- **WHAT THE TASK ASKS**
The first line of the entries is where the copy starts and the line with "# ---- collections" is where it ends; set down each line exactly, both ends included, and drop pictures.

----

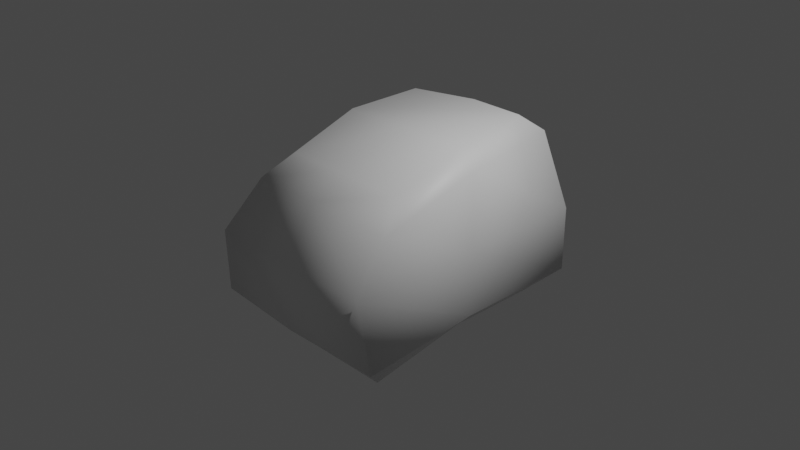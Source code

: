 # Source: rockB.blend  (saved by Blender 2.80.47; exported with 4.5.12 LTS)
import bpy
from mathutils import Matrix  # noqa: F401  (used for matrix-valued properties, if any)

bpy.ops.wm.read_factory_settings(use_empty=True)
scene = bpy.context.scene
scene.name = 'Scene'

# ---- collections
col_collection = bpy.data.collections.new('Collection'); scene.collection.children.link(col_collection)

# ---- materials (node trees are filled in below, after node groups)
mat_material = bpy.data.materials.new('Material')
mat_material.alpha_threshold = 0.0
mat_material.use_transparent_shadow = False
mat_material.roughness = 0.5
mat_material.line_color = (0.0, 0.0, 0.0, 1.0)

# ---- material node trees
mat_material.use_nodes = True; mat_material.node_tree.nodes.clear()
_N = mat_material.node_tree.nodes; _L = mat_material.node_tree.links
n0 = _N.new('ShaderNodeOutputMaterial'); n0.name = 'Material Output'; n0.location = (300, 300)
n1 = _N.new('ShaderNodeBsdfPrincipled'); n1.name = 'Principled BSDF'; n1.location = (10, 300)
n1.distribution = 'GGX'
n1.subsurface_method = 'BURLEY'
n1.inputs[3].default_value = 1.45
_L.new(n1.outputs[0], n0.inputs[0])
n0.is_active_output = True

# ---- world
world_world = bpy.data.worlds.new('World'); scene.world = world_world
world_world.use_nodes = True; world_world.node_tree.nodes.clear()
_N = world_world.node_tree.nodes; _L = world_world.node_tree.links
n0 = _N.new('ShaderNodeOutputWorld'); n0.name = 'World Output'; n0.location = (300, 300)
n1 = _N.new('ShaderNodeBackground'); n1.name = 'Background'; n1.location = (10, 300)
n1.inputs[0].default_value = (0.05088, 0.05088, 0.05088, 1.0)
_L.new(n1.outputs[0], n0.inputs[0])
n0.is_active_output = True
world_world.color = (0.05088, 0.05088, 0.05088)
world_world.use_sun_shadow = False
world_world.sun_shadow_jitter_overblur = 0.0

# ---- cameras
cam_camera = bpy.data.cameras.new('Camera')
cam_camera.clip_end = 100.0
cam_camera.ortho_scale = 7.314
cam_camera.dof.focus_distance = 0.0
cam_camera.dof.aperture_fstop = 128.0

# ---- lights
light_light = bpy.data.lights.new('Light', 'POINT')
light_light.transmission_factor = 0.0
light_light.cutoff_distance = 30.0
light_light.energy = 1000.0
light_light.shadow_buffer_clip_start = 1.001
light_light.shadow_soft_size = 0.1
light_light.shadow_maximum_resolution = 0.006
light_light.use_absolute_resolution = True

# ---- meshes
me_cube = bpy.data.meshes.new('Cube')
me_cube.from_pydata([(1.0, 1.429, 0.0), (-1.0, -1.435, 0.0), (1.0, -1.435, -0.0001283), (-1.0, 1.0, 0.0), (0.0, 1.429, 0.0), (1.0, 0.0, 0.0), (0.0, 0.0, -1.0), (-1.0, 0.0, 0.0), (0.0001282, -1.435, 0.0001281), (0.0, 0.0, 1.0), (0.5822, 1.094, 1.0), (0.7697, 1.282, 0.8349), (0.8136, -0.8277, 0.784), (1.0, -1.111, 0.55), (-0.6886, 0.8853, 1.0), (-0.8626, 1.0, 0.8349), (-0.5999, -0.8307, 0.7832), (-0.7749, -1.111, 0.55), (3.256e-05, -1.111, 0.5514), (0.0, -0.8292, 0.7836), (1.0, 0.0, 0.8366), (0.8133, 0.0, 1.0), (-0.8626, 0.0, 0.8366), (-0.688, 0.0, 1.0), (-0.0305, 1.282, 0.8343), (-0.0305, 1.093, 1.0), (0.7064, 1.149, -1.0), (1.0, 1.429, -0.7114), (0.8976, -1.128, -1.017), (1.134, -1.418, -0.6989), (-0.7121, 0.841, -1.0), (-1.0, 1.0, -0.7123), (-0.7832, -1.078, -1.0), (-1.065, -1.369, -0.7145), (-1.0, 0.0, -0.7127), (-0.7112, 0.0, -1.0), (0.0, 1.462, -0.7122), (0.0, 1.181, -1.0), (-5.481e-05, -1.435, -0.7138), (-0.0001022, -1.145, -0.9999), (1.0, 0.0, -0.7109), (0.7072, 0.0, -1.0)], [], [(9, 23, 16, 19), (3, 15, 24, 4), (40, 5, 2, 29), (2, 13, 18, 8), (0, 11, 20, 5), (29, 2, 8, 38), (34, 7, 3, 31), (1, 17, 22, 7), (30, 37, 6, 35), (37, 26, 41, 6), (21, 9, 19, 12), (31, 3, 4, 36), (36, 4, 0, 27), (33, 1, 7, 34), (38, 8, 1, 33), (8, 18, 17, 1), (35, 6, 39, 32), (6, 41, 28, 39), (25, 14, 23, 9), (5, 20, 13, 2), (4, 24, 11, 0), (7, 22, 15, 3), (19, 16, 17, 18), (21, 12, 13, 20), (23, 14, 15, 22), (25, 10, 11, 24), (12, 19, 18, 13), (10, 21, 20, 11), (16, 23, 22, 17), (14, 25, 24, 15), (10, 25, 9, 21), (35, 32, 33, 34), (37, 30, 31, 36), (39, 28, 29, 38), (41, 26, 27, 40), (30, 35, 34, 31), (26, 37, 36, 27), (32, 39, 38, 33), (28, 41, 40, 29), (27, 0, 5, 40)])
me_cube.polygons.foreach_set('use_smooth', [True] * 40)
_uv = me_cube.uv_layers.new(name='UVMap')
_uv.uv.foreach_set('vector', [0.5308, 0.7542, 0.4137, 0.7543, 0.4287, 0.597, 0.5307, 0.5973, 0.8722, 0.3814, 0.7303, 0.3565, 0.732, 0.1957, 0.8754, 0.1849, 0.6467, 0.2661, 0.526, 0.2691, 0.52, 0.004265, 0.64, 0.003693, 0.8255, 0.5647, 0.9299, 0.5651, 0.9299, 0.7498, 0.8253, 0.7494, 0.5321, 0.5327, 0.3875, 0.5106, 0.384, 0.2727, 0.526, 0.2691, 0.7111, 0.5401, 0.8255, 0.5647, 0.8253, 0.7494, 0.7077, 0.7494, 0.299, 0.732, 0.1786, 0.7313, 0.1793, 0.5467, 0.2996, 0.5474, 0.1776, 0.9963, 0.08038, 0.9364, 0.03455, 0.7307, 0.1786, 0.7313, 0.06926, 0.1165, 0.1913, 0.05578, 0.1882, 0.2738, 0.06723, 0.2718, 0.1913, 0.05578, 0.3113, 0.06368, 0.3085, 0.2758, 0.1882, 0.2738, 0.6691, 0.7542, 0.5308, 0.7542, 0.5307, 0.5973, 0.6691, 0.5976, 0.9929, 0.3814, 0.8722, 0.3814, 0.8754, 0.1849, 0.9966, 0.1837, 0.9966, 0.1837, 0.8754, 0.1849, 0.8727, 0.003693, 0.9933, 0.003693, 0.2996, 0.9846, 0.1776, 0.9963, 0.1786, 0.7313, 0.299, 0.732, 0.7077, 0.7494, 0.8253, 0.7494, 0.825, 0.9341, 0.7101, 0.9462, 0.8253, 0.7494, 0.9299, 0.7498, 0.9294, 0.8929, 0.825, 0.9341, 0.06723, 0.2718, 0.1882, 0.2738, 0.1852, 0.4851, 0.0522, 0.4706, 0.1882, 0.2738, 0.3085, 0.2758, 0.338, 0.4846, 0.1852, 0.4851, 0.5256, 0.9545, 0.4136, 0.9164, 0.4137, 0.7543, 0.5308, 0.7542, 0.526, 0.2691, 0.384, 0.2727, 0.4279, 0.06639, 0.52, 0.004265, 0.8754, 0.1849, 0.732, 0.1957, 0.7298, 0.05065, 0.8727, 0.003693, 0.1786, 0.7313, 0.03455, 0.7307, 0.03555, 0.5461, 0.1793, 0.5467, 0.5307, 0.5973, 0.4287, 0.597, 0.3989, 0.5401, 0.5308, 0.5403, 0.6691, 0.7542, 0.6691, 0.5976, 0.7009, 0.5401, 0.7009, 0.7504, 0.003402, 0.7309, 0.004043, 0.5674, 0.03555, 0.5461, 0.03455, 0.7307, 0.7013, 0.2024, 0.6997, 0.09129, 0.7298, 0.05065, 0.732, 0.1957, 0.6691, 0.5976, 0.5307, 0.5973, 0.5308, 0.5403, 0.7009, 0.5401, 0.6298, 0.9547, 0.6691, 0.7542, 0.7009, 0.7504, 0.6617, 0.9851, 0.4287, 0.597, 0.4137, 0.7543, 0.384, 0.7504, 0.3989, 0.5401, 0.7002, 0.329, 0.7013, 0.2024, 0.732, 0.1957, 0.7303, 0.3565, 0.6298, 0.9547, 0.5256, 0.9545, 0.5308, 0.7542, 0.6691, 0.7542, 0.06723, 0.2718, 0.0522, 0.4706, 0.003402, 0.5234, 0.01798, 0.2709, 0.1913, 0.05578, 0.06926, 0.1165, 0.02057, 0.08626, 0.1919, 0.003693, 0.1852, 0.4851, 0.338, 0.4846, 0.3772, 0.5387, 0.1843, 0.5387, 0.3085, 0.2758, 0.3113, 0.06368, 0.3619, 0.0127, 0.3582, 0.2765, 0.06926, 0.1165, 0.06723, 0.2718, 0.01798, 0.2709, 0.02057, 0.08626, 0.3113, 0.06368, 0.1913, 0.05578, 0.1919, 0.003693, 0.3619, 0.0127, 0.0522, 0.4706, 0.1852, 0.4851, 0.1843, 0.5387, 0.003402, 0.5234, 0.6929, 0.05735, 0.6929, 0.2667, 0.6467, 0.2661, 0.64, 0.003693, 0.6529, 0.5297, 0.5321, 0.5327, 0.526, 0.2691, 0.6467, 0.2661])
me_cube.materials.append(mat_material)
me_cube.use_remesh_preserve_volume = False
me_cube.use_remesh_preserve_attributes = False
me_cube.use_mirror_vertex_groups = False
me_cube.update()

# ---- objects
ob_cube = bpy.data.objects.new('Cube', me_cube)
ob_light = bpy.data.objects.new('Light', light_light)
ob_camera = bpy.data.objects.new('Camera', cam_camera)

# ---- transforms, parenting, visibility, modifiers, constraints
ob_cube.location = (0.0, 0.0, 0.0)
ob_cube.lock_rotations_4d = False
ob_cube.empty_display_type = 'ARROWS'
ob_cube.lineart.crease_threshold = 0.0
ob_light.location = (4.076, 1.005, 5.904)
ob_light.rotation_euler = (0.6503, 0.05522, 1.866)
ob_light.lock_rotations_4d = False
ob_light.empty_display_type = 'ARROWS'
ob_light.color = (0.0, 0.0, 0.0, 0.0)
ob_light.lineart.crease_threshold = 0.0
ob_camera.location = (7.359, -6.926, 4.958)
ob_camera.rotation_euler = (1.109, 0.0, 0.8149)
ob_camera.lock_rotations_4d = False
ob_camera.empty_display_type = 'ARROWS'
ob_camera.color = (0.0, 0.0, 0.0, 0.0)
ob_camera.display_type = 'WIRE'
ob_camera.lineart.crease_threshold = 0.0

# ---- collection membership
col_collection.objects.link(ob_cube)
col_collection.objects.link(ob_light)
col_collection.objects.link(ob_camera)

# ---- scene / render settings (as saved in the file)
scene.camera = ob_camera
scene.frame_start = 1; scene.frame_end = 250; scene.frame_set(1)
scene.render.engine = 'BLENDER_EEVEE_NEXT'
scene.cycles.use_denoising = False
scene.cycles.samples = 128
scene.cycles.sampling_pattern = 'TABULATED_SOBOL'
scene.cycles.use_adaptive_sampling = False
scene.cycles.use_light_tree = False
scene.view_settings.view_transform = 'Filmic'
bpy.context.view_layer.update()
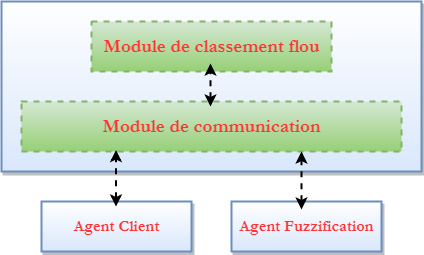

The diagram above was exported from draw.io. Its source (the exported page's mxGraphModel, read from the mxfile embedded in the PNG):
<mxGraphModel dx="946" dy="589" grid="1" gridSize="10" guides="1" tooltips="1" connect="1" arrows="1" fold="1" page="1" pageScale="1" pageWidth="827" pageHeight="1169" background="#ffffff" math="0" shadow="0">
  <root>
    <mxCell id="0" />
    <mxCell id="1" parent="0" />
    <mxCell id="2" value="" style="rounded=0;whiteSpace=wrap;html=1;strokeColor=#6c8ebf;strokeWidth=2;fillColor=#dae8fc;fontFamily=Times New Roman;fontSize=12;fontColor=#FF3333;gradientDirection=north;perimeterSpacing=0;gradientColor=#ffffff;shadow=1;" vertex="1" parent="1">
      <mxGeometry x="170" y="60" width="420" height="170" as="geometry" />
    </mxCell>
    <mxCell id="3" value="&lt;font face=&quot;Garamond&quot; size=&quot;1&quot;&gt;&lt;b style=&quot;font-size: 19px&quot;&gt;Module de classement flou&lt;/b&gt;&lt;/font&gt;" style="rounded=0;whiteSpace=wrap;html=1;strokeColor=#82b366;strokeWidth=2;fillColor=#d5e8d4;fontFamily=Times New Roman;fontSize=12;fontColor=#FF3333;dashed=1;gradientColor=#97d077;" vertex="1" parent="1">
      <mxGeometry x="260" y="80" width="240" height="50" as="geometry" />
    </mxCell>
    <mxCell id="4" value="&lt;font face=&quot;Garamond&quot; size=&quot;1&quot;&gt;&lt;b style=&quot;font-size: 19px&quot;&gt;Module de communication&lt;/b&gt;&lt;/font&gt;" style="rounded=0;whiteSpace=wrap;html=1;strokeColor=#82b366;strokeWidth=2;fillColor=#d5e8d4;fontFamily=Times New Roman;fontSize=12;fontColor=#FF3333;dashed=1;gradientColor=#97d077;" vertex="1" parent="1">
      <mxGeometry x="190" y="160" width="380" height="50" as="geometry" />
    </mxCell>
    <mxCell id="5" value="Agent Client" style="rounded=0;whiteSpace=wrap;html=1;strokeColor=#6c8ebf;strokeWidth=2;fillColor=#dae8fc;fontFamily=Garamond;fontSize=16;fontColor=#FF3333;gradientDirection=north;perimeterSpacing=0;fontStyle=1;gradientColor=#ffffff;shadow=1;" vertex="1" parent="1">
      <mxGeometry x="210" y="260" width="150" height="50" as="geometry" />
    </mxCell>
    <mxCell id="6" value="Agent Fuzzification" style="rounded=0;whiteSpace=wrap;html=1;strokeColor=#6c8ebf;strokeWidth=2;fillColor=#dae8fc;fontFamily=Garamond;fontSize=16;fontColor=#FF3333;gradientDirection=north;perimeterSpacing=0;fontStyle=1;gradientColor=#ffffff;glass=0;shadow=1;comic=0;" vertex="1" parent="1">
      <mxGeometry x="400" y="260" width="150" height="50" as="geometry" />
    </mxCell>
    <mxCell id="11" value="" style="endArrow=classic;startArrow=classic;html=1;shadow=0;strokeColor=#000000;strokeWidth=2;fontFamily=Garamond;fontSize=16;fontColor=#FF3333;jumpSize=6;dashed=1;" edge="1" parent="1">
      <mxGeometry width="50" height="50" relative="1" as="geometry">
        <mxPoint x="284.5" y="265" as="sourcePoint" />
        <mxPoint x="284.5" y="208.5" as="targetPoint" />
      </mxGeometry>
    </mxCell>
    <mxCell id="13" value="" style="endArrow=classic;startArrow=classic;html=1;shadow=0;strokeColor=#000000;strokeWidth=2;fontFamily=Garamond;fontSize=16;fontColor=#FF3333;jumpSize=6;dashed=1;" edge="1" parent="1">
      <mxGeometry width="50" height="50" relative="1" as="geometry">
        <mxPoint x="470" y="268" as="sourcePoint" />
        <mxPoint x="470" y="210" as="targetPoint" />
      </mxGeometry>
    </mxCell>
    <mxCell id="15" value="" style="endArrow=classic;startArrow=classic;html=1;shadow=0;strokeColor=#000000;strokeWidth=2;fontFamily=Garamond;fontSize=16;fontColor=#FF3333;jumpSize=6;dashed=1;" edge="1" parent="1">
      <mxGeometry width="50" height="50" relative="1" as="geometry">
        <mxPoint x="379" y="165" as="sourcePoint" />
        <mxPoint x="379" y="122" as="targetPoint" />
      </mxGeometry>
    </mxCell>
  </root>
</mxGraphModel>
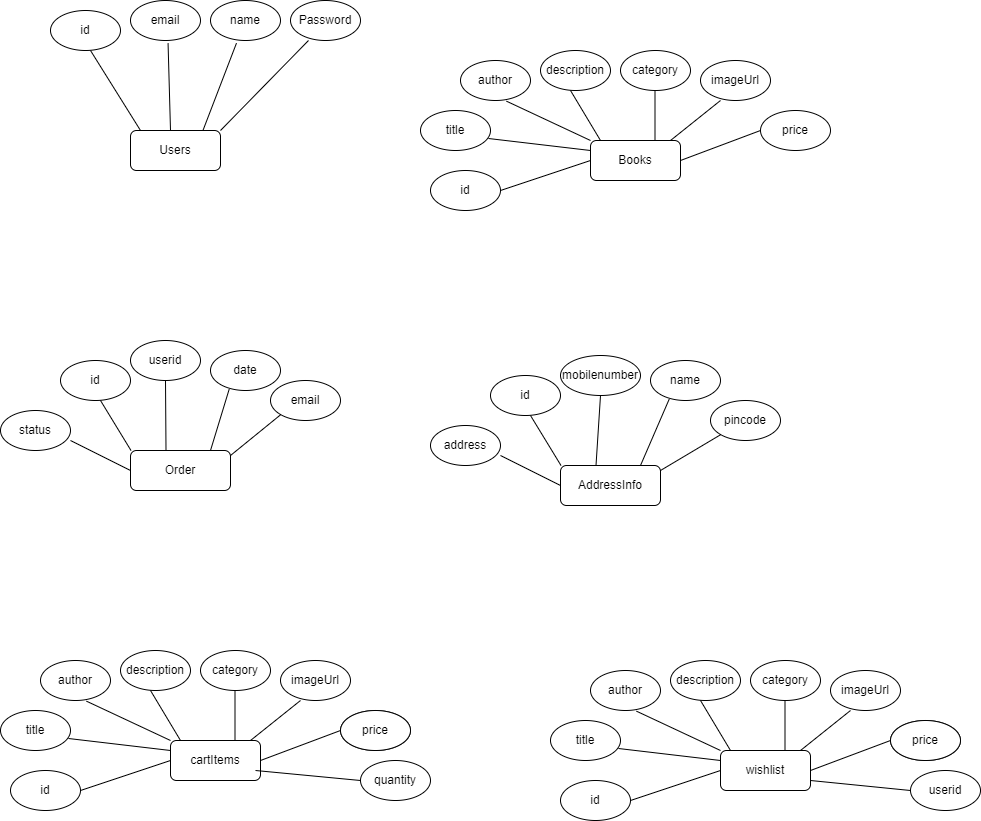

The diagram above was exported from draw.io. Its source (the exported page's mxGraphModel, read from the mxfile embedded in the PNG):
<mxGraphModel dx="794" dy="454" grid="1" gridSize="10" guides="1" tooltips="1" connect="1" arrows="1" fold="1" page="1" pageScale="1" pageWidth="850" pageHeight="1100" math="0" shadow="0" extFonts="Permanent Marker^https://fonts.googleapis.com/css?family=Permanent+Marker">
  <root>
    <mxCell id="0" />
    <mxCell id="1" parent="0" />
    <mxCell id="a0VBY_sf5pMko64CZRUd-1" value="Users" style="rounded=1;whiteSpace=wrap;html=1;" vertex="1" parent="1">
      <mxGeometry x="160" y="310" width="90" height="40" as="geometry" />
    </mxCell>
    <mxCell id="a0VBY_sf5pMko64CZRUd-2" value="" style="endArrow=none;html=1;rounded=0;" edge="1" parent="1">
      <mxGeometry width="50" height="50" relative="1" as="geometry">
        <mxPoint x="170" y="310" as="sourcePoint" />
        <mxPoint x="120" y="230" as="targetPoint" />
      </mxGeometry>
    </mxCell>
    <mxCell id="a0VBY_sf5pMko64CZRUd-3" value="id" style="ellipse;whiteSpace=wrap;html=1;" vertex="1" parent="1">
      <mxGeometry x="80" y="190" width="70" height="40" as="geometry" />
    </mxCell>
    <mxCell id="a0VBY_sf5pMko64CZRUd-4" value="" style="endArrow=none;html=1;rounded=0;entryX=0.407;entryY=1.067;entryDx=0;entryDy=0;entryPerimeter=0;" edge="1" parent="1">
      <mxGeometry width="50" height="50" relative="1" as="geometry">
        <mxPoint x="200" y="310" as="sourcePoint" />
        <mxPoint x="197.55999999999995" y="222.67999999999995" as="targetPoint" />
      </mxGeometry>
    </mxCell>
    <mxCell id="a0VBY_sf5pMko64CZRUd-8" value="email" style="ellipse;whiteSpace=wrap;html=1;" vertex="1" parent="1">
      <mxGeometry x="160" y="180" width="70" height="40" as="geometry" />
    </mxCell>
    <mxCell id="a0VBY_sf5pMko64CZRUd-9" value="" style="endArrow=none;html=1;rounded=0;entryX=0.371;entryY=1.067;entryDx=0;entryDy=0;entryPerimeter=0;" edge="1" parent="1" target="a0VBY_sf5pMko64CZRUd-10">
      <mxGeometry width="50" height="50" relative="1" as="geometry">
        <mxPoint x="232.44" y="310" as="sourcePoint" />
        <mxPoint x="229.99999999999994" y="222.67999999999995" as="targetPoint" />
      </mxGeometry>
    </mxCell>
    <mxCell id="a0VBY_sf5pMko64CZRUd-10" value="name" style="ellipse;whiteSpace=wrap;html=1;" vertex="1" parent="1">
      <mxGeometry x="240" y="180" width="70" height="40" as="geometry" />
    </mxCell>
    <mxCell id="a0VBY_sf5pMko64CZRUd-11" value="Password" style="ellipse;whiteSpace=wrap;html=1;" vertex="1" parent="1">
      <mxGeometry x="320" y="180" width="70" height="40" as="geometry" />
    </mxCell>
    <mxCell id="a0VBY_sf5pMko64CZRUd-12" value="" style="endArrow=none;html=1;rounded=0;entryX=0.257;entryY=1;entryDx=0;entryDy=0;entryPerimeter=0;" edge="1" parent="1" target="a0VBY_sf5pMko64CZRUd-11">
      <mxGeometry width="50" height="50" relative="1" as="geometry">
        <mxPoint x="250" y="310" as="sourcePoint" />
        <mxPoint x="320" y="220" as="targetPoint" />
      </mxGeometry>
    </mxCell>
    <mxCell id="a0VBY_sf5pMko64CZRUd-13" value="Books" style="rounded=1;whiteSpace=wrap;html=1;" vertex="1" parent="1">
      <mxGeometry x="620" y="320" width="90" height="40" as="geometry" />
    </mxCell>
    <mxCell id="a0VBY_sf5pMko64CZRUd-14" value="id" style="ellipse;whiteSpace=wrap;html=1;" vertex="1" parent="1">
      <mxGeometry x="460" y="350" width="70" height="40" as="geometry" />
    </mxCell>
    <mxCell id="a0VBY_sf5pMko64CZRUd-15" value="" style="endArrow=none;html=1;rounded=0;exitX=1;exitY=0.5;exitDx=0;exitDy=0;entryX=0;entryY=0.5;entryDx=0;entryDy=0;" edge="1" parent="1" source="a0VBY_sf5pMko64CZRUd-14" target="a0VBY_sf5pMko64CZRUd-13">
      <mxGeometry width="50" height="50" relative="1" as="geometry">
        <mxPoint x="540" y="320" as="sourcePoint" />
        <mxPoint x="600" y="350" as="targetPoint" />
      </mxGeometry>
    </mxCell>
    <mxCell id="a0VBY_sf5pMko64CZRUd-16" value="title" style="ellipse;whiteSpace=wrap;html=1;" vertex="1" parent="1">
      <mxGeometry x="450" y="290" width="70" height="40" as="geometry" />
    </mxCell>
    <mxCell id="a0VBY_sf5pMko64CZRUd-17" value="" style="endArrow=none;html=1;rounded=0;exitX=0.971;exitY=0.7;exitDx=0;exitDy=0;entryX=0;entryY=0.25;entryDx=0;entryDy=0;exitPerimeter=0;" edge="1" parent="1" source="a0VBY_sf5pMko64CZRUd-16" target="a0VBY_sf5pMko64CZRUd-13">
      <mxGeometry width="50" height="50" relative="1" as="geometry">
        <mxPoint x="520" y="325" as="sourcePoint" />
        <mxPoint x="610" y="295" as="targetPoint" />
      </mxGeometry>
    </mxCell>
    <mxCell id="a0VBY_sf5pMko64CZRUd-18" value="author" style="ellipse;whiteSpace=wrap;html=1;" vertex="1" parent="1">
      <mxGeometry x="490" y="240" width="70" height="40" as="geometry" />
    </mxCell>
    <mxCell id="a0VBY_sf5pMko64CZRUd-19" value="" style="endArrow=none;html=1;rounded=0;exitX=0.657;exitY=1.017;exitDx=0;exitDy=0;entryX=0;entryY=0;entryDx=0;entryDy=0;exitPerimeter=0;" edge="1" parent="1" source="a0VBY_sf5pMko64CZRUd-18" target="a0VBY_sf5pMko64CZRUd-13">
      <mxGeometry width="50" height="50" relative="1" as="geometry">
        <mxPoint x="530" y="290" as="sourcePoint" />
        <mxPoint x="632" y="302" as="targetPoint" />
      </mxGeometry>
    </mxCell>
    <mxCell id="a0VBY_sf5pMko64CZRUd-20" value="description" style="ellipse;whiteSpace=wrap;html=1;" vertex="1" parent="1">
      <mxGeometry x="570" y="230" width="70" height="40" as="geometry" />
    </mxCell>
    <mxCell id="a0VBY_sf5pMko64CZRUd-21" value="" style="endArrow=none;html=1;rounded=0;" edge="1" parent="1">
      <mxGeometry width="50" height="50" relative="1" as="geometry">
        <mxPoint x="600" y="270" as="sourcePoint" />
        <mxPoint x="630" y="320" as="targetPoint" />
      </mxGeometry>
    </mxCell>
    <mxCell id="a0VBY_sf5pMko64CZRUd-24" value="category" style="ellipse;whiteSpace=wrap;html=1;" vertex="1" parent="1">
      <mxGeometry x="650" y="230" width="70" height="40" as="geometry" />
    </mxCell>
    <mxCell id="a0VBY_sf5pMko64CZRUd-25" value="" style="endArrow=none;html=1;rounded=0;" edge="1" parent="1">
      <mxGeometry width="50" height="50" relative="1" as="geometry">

----

- **EXPECTED ANSWER**
Source code

: # Source: rockB.blend  (saved by Blender 2.80.47; exported with 4.5.12 LTS)
import bpy
from mathutils import Matrix  # noqa: F401  (used for matrix-valued properties, if any)

bpy.ops.wm.read_factory_settings(use_empty=True)
scene = bpy.context.scene
scene.name = 'Scene'

# ---- collections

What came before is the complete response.